- What is being asked
All lines below containing the string "feather" are to be copied.

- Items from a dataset
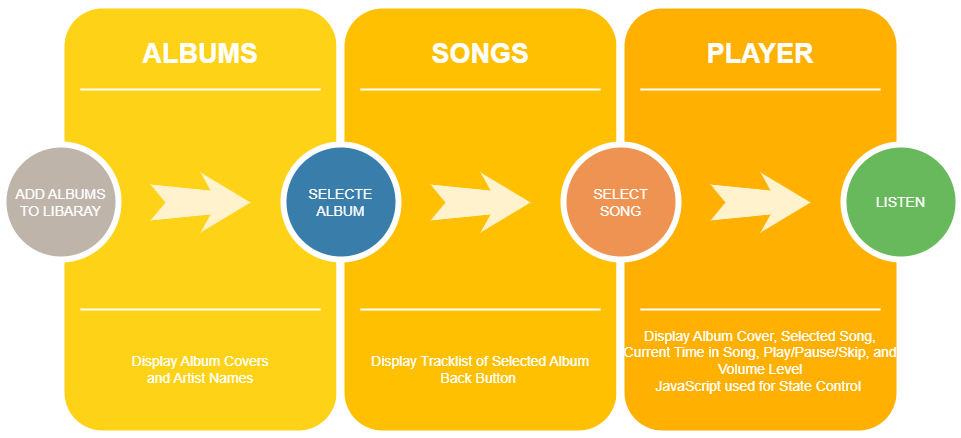

The diagram above was exported from draw.io. Its source (the exported page's mxGraphModel, read from the mxfile embedded in the PNG):
<mxGraphModel dx="1038" dy="489" grid="1" gridSize="10" guides="1" tooltips="1" connect="1" arrows="1" fold="1" page="1" pageScale="1.5" pageWidth="1169" pageHeight="826" background="none" math="0" shadow="0">
  <root>
    <mxCell id="0" />
    <mxCell id="1" parent="0" />
    <mxCell id="60da8b9f42644d3a-2" value="" style="whiteSpace=wrap;html=1;rounded=1;shadow=0;strokeWidth=8;fontSize=20;align=center;fillColor=#FED217;strokeColor=#FFFFFF;" parent="1" vertex="1">
      <mxGeometry x="316" y="405" width="280" height="430" as="geometry" />
    </mxCell>
    <mxCell id="60da8b9f42644d3a-3" value="ALBUMS" style="text;html=1;strokeColor=none;fillColor=none;align=center;verticalAlign=middle;whiteSpace=wrap;rounded=0;shadow=0;fontSize=27;fontColor=#FFFFFF;fontStyle=1" parent="1" vertex="1">
      <mxGeometry x="316" y="425" width="280" height="60" as="geometry" />
    </mxCell>
    <mxCell id="60da8b9f42644d3a-4" value="Display Album Covers&lt;br&gt;and Artist Names" style="text;html=1;strokeColor=none;fillColor=none;align=center;verticalAlign=middle;whiteSpace=wrap;rounded=0;shadow=0;fontSize=14;fontColor=#FFFFFF;" parent="1" vertex="1">
      <mxGeometry x="316" y="725" width="280" height="90" as="geometry" />
    </mxCell>
    <mxCell id="60da8b9f42644d3a-6" value="" style="line;strokeWidth=2;html=1;rounded=0;shadow=0;fontSize=27;align=center;fillColor=none;strokeColor=#FFFFFF;" parent="1" vertex="1">
      <mxGeometry x="336" y="485" width="240" height="10" as="geometry" />
    </mxCell>
    <mxCell id="60da8b9f42644d3a-7" value="" style="line;strokeWidth=2;html=1;rounded=0;shadow=0;fontSize=27;align=center;fillColor=none;strokeColor=#FFFFFF;" parent="1" vertex="1">
      <mxGeometry x="336" y="705" width="240" height="10" as="geometry" />
    </mxCell>
    <mxCell id="60da8b9f42644d3a-8" value="ADD ALBUMS&lt;br&gt;TO LIBARAY" style="ellipse;whiteSpace=wrap;html=1;rounded=0;shadow=0;strokeWidth=6;fontSize=14;align=center;fillColor=#BFB4A9;strokeColor=#FFFFFF;fontColor=#FFFFFF;" parent="1" vertex="1">
      <mxGeometry x="259" y="545" width="115" height="115" as="geometry" />
    </mxCell>
    <mxCell id="60da8b9f42644d3a-9" value="" style="html=1;shadow=0;dashed=0;align=center;verticalAlign=middle;shape=mxgraph.arrows2.stylisedArrow;dy=0.6;dx=40;notch=15;feather=0.4;rounded=0;strokeWidth=1;fontSize=27;strokeColor=none;fillColor=#fff2cc;" parent="1" vertex="1">
      <mxGeometry x="406" y="573" width="100" height="60" as="geometry" />
    </mxCell>
    <mxCell id="60da8b9f42644d3a-17" value="" style="whiteSpace=wrap;html=1;rounded=1;shadow=0;strokeWidth=8;fontSize=20;align=center;fillColor=#FFC001;strokeColor=#FFFFFF;" parent="1" vertex="1">
      <mxGeometry x="596" y="405" width="280" height="430" as="geometry" />
    </mxCell>
    <mxCell id="60da8b9f42644d3a-18" value="SONGS" style="text;html=1;strokeColor=none;fillColor=none;align=center;verticalAlign=middle;whiteSpace=wrap;rounded=0;shadow=0;fontSize=27;fontColor=#FFFFFF;fontStyle=1" parent="1" vertex="1">
      <mxGeometry x="596" y="425" width="280" height="60" as="geometry" />
    </mxCell>
    <mxCell id="60da8b9f42644d3a-19" value="Display Tracklist of Selected Album&lt;br&gt;Back Button&amp;nbsp;" style="text;html=1;strokeColor=none;fillColor=none;align=center;verticalAlign=middle;whiteSpace=wrap;rounded=0;shadow=0;fontSize=14;fontColor=#FFFFFF;" parent="1" vertex="1">
      <mxGeometry x="596" y="725" width="280" height="90" as="geometry" />
    </mxCell>
    <mxCell id="60da8b9f42644d3a-20" value="" style="line;strokeWidth=2;html=1;rounded=0;shadow=0;fontSize=27;align=center;fillColor=none;strokeColor=#FFFFFF;" parent="1" vertex="1">
      <mxGeometry x="616" y="485" width="240" height="10" as="geometry" />
    </mxCell>
    <mxCell id="60da8b9f42644d3a-21" value="" style="line;strokeWidth=2;html=1;rounded=0;shadow=0;fontSize=27;align=center;fillColor=none;strokeColor=#FFFFFF;" parent="1" vertex="1">
      <mxGeometry x="616" y="705" width="240" height="10" as="geometry" />
    </mxCell>
    <mxCell id="60da8b9f42644d3a-22" value="SELECTE&lt;br&gt;ALBUM" style="ellipse;whiteSpace=wrap;html=1;rounded=0;shadow=0;strokeWidth=6;fontSize=14;align=center;fillColor=#397DAA;strokeColor=#FFFFFF;fontColor=#FFFFFF;" parent="1" vertex="1">
      <mxGeometry x="539" y="545" width="115" height="115" as="geometry" />
    </mxCell>
    <mxCell id="60da8b9f42644d3a-23" value="" style="html=1;shadow=0;dashed=0;align=center;verticalAlign=middle;shape=mxgraph.arrows2.stylisedArrow;dy=0.6;dx=40;notch=15;feather=0.4;rounded=0;strokeWidth=1;fontSize=27;strokeColor=none;fillColor=#fff2cc;" parent="1" vertex="1">
      <mxGeometry x="686" y="573" width="100" height="60" as="geometry" />
    </mxCell>
    <mxCell id="60da8b9f42644d3a-24" value="" style="whiteSpace=wrap;html=1;rounded=1;shadow=0;strokeWidth=8;fontSize=20;align=center;fillColor=#FFB001;strokeColor=#FFFFFF;" parent="1" vertex="1">
      <mxGeometry x="876" y="405" width="280" height="430" as="geometry" />
    </mxCell>
    <mxCell id="60da8b9f42644d3a-25" value="PLAYER" style="text;html=1;strokeColor=none;fillColor=none;align=center;verticalAlign=middle;whiteSpace=wrap;rounded=0;shadow=0;fontSize=27;fontColor=#FFFFFF;fontStyle=1" parent="1" vertex="1">
      <mxGeometry x="876" y="425" width="280" height="60" as="geometry" />
    </mxCell>
    <mxCell id="60da8b9f42644d3a-26" value="Display Album Cover, Selected Song,&lt;br&gt;Current Time in Song, Play/Pause/Skip, and Volume Level&lt;br&gt;JavaScript used for State Control&amp;nbsp;&lt;br&gt;&amp;nbsp;" style="text;html=1;strokeColor=none;fillColor=none;align=center;verticalAlign=middle;whiteSpace=wrap;rounded=0;shadow=0;fontSize=14;fontColor=#FFFFFF;" parent="1" vertex="1">
      <mxGeometry x="876" y="725" width="280" height="90" as="geometry" />
    </mxCell>
    <mxCell id="60da8b9f42644d3a-27" value="" style="line;strokeWidth=2;html=1;rounded=0;shadow=0;fontSize=27;align=center;fillColor=none;strokeColor=#FFFFFF;" parent="1" vertex="1">
      <mxGeometry x="896" y="485" width="240" height="10" as="geometry" />
    </mxCell>
    <mxCell id="60da8b9f42644d3a-28" value="" style="line;strokeWidth=2;html=1;rounded=0;shadow=0;fontSize=27;align=center;fillColor=none;strokeColor=#FFFFFF;" parent="1" vertex="1">
      <mxGeometry x="896" y="705" width="240" height="10" as="geometry" />
    </mxCell>
    <mxCell id="60da8b9f42644d3a-29" value="SELECT&lt;br&gt;SONG" style="ellipse;whiteSpace=wrap;html=1;rounded=0;shadow=0;strokeWidth=6;fontSize=14;align=center;fillColor=#EF9353;strokeColor=#FFFFFF;fontColor=#FFFFFF;" parent="1" vertex="1">
      <mxGeometry x="819" y="545" width="115" height="115" as="geometry" />
    </mxCell>
    <mxCell id="60da8b9f42644d3a-30" value="" style="html=1;shadow=0;dashed=0;align=center;verticalAlign=middle;shape=mxgraph.arrows2.stylisedArrow;dy=0.6;dx=40;notch=15;feather=0.4;rounded=0;strokeWidth=1;fontSize=27;strokeColor=none;fillColor=#fff2cc;" parent="1" vertex="1">
      <mxGeometry x="966" y="573" width="100" height="60" as="geometry" />
    </mxCell>
    <mxCell id="60da8b9f42644d3a-36" value="LISTEN" style="ellipse;whiteSpace=wrap;html=1;rounded=0;shadow=0;strokeWidth=6;fontSize=14;align=center;fillColor=#68B85C;strokeColor=#FFFFFF;fontColor=#FFFFFF;" parent="1" vertex="1">
      <mxGeometry x="1099" y="545" width="115" height="115" as="geometry" />
    </mxCell>
  </root>
</mxGraphModel>

- Worked solution
    <mxCell id="60da8b9f42644d3a-9" value="" style="html=1;shadow=0;dashed=0;align=center;verticalAlign=middle;shape=mxgraph.arrows2.stylisedArrow;dy=0.6;dx=40;notch=15;feather=0.4;rounded=0;strokeWidth=1;fontSize=27;strokeColor=none;fillColor=#fff2cc;" parent="1" vertex="1">
    <mxCell id="60da8b9f42644d3a-23" value="" style="html=1;shadow=0;dashed=0;align=center;verticalAlign=middle;shape=mxgraph.arrows2.stylisedArrow;dy=0.6;dx=40;notch=15;feather=0.4;rounded=0;strokeWidth=1;fontSize=27;strokeColor=none;fillColor=#fff2cc;" parent="1" vertex="1">
    <mxCell id="60da8b9f42644d3a-30" value="" style="html=1;shadow=0;dashed=0;align=center;verticalAlign=middle;shape=mxgraph.arrows2.stylisedArrow;dy=0.6;dx=40;notch=15;feather=0.4;rounded=0;strokeWidth=1;fontSize=27;strokeColor=none;fillColor=#fff2cc;" parent="1" vertex="1">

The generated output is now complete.